Physical health is critical for overall wellbeing. Some of the most obvious and serious signs that we are unhealthy appear physically. Addressing physical health is crucial for sustaining overall health and wellbeing.

While physical health consists of many components, here is a brief list of the key areas that should be considered:

  • Physical activity – includes strength, flexibility, cardio vascular and endurance
  • Nutrition and diet – includes nutrient intake, fluid intake, and healthy digestion
  • Rest and sleep – includes periodic rest and relaxation, along with high quality sleep
  • Hydration – keeping the body hydrated with fluid

Poor physical health can lead to an increased risk of developing mental health problems. Similarly, poor mental health can negatively impact on physical health, leading to an increased risk of some conditions.

Physical activity

Most healthy people should be active on a daily basis. This should be a mix of both leisurely physical activity and structured exercise. Examples of leisurely physical activity include gardening, housework, hiking, biking, dancing and walking. Examples of more structured forms of exercise include strength training, running, and swimming.

If you are new to exercise then do find someone that can help you plan a routine that is good for you.

The best form of exercise is the one that you enjoy doing.  Nutrition and diet

A well-balanced diet should contain carbohydrates, proteins, fats, vitamins, and minerals. Hydration is a key component of physical health and mental acuity and should be. Water should be consumed throughout the day. Meals should be regular and portion sizes should be sensible. Restriction of sugar is recommended and consumption of food in it natural form rather than processed.

And it can be quite hard, when you’re feeling stressed, to think about eating healthy. You just want the quick hit; you just want something to be easy. It can be quite difficult to look after your physical health when you’re in a high-stress work environment, but when you’re highly stressed, that’s when you really think about good nutrition and getting exercise and fresh air. That is what will support you back to balance.

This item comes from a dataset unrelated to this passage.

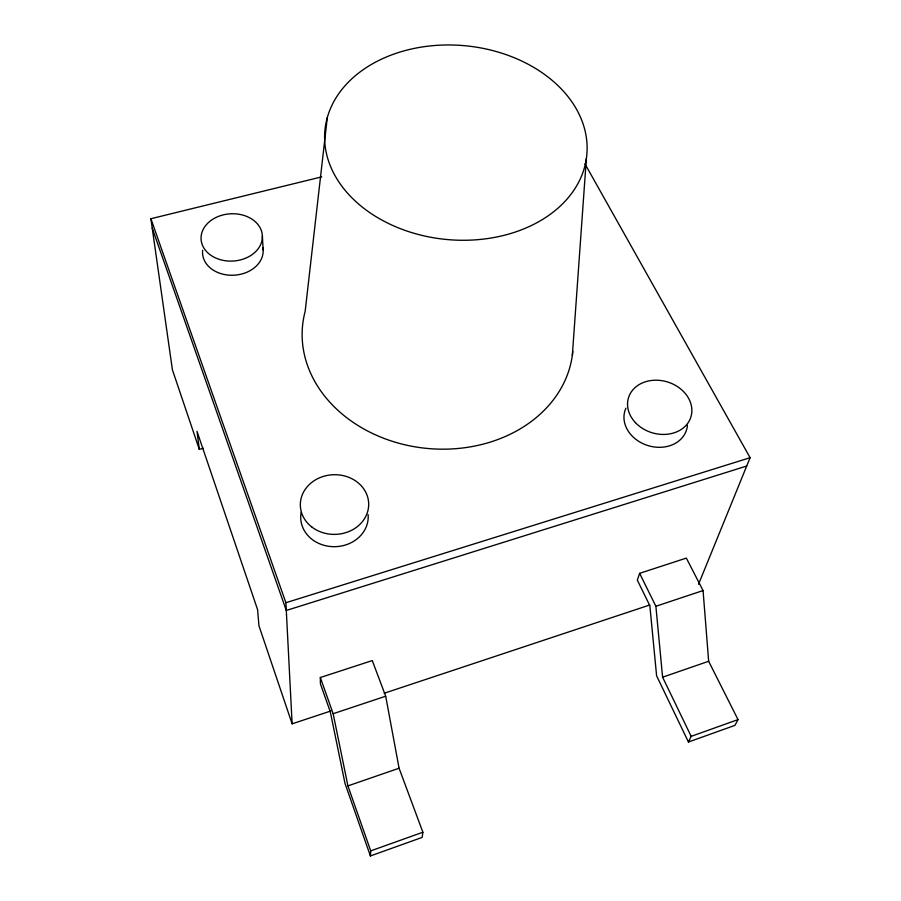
<?xml version="1.0" encoding="UTF-8"?>
<svg xmlns="http://www.w3.org/2000/svg" width="901" height="901" viewBox="0 0 901 901"><rect width="100%" height="100%" fill="white"/><g stroke="black" fill="none" stroke-linecap="round" stroke-linejoin="round"><path stroke-width="1.35" d="M370.401 855.95L370.716 850.882L347.921 785.897L333.156 713.705L320.328 677.529L372.271 660.579L385.696 696.214L399.087 768.226L422.873 832.242L422.152 837.412L370.401 855.95L344.982 783.318L330.307 711.858L320.418 683.893L320.328 677.529M572.338 355.399L586.36 158.565A131.512 97.308 5.3 0 0 402.837 51.211A131.512 97.308 5.3 0 0 378.386 218.087A131.512 97.308 5.3 0 0 586.36 158.565M327.311 117.535L305.157 311.374A135.736 110.192 5.3 0 0 418.255 447.346A135.736 110.192 5.3 0 0 572.811 351.322M639.631 573.329L637.322 580.154L649.835 605.63L656.615 675.84L688.443 742.019L734.968 725.35L738.02 719.606L708.659 661.278L703.062 590.56L686.348 558.091L639.631 573.329L655.883 606.272L662.595 677.192L691.168 736.354L688.443 742.019M698.523 584.298L750.105 457.697L584.974 163.892M370.716 850.882L422.873 832.242M691.168 736.354L738.02 719.606M347.921 785.897L399.087 768.226M662.595 677.192L708.659 661.278M333.156 713.705L385.696 696.214M655.883 606.272L703.062 590.56M203.367 448.248L199.312 449.396L197.015 431.342L257.596 609.662L258.947 625.756L292.127 723.841L330.813 710.99M384.186 693.252L649.7 605.01M292.127 723.841L285.899 602.724L750.105 457.697M746.704 466.031L286.293 610.461L152.246 228.178M199.312 449.396L172.418 369.849L150.895 218.718L321.725 176.866M150.895 218.718L285.899 602.724M262.371 235.859A30.702 23.663 -3.4 0 1 217.332 258.688A30.702 23.663 -3.4 0 1 215.44 217.749A30.702 23.663 -3.4 0 1 262.371 235.859L263.16 250.106M262.878 247.662A30.341 23.55 -3.5 0 1 233.607 275.222A30.341 23.55 -3.5 0 1 202.657 250.287M368.126 514.662A33.754 29.609 -1.7 0 1 332.863 546.67A33.754 29.609 -1.7 0 1 301.193 512.309M687.429 425.328A32.256 26.377 17.3 0 1 649.013 445.882A32.256 26.377 17.3 0 1 625.936 408.176M312.185 527.288A34.182 29.846 -1.5 0 0 368.092 509.91A34.182 29.846 -1.5 0 0 323.234 476.438A34.182 29.846 -1.5 0 0 312.185 527.288M635.419 422.614A32.65 26.546 17.1 0 0 690.121 419.078A32.65 26.546 17.1 0 0 653.574 380.278A32.65 26.546 17.1 0 0 635.419 422.614"/></g></svg>

If you are really busy then one of the best things you can do is sit down and plan your meals.  Maybe cook several meals on the weekend that you can take out the fridge or freezer and reheat. It helps move you towards a healthy diet.  Also, plan your breakfast and maybe think about things that you can prepare the night before. Keep it simple.

Like everything, experiment, have fun, find out what works best for our body, whether that is a high protein diet, vegan, high fibre, etc.

Rest and sleep

Too little sleep has the same influence on brain as too much alcohol.  You can end up feeling groggy and have trouble co-ordinating and concentrating.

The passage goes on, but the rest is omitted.